Het programma voor de avond ziet er als volgt uit:
- Opening door de voorzitter dhr. J. Tersteeg.
- Mededelingen.
- Oproep tot het in leven roepen van werkgroepen.
- Lezing van de heer Egbert van der Werff over de Kroniek van Sicke Benninge.
- Beantwoording vragen en w.v.t.t.k.
- Sluiting.
Het belooft een interessante avond te worden, waarbij uw aanwezigheid zeer op prijs wordt gesteld.
Met vriendelijke groet,
G. Frumau, secretaris.
Sicke Benninge, Croniken der Vrescher Landen mijtten Zoeven Seelanden ende der stadt Groningen. (Den Haag 2012).
Benninge begon in 1505 aan zijn geschrift, getiteld Croniken der Vrescher Landen mijtten Zoeven Seelanden ende der stadt Groningen, waaraan hij tot 1528 bleef werken. Het is een levendig en gedetailleerd verslag van de gebeurtenissen in Groningen en omgeving in die roerige periode, toen de stad haar macht over de Ommelanden vestigde, maar vervolgens verwikkeld raakte in de strijd tussen de Habsburgers, de hertog van Gelre en de graaf van Saksen. Na veel ingrijpende gebeurtenissen, inclusief een belegering van de stad, moest Groningen in 1525 keizer Karel V als heer erkennen.
Daarmee waren de problemen bepaald niet voorbij, want ook binnen de muren had men te kampen met onrust, vanwege onvrede onder de bevolking en een machtsgreep door de gilden. Benninge baseerde dit deel van zijn kroniek op eigen waarneming en herinneringen, mondelinge getuigenissen van derden, andere kronieken, en schriftelijke bronnen zoals rechtsteksten en oorkonden.
Het verslag van de gebeurtenissen uit de eigen tijd heeft Benninge uitgebreid met teksten over de herkomst van het Friese volk – zij zouden afstammen van de Trojanen – en de grondslagen van de ‘Friese vrijheid’. Ook laste hij twee Groninger kronieken in: een anoniem werkje van rond 1478 en een kroniek die rond 1425 was geschreven door Johan van Lemego, alweer een brouwer, wiens tekst later in de vijftiende eeuw nog werd aangevuld. Voorts besteedt Benninge aandacht aan buitenlandse gebeurtenissen en staat hij stil bij persoonlijke wederwaardigheden, zoals de pelgrimstocht naar Rome die hij in 1500 ondernam.

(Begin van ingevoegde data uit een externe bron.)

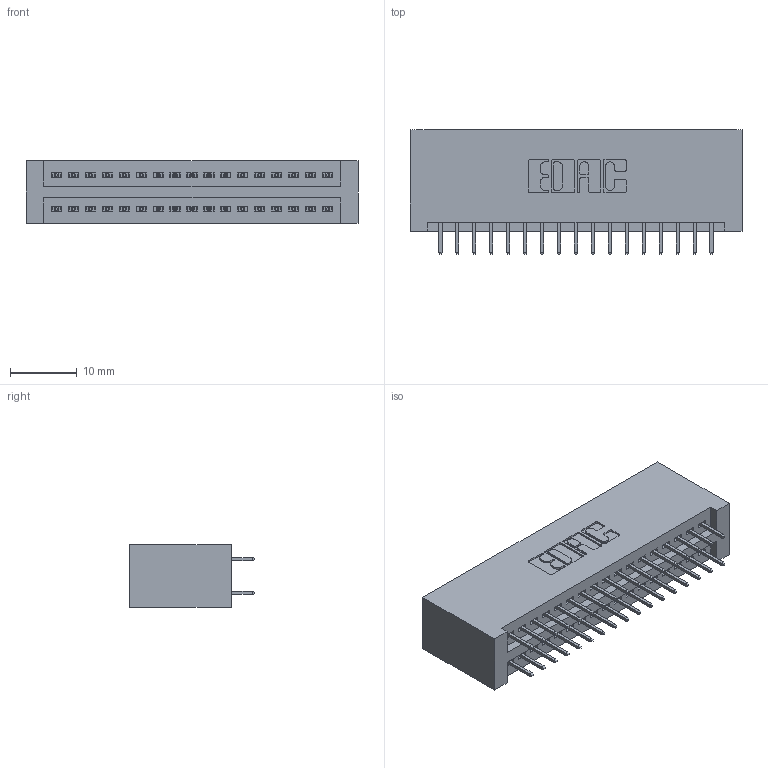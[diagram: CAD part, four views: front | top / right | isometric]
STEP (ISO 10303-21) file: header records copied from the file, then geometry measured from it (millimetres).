
FILE_DESCRIPTION (( 'STEP AP203' ), '1' );
FILE_NAME ('895-034-525-201.STEP', '2020-09-25T21:39:52', ( '' ), ( '' ), 'SwSTEP 2.0', 'SolidWorks 2020', '' );
FILE_SCHEMA (( 'CONFIG_CONTROL_DESIGN' ));
Length unit declared in the file: inch
Products named in the file (3): 845 Part_No Mounting Lugs; 895-034-525-201; 345-292-001_345-293-125
Assembly tree (35 placements, depth 2):
  895-034-525-201
    845 Part_No Mounting Lugs
    345-292-001_345-293-125  x34
Bounding box: 49.78 x 18.72 x 9.4 mm (x, y, z)
Volume: 5164 mm3; surface area: 7283.6 mm2
Topology: 35 solids, 35 shells, 1954 faces, 5519 edges, 3542 vertices
Faces by surface type: plane 1402, cylinder 552
Entity records: 16501 total; most frequent: CARTESIAN_POINT 2788, ORIENTED_EDGE 2722, DIRECTION 2485, EDGE_CURVE 1361, LINE 1173, VECTOR 1173, VERTEX_POINT 902, AXIS2_PLACEMENT_3D 656

Zijn kroniek is al met al een belangrijke bron van informatie over de roerige geschiedenis van Groningen en Friesland in de periode 1491-1528, en geeft bovendien zicht op het wereldbeeld van een patriciër en magistraat uit die tijd, op diens opvattingen over geloof, politiek en geschiedenis.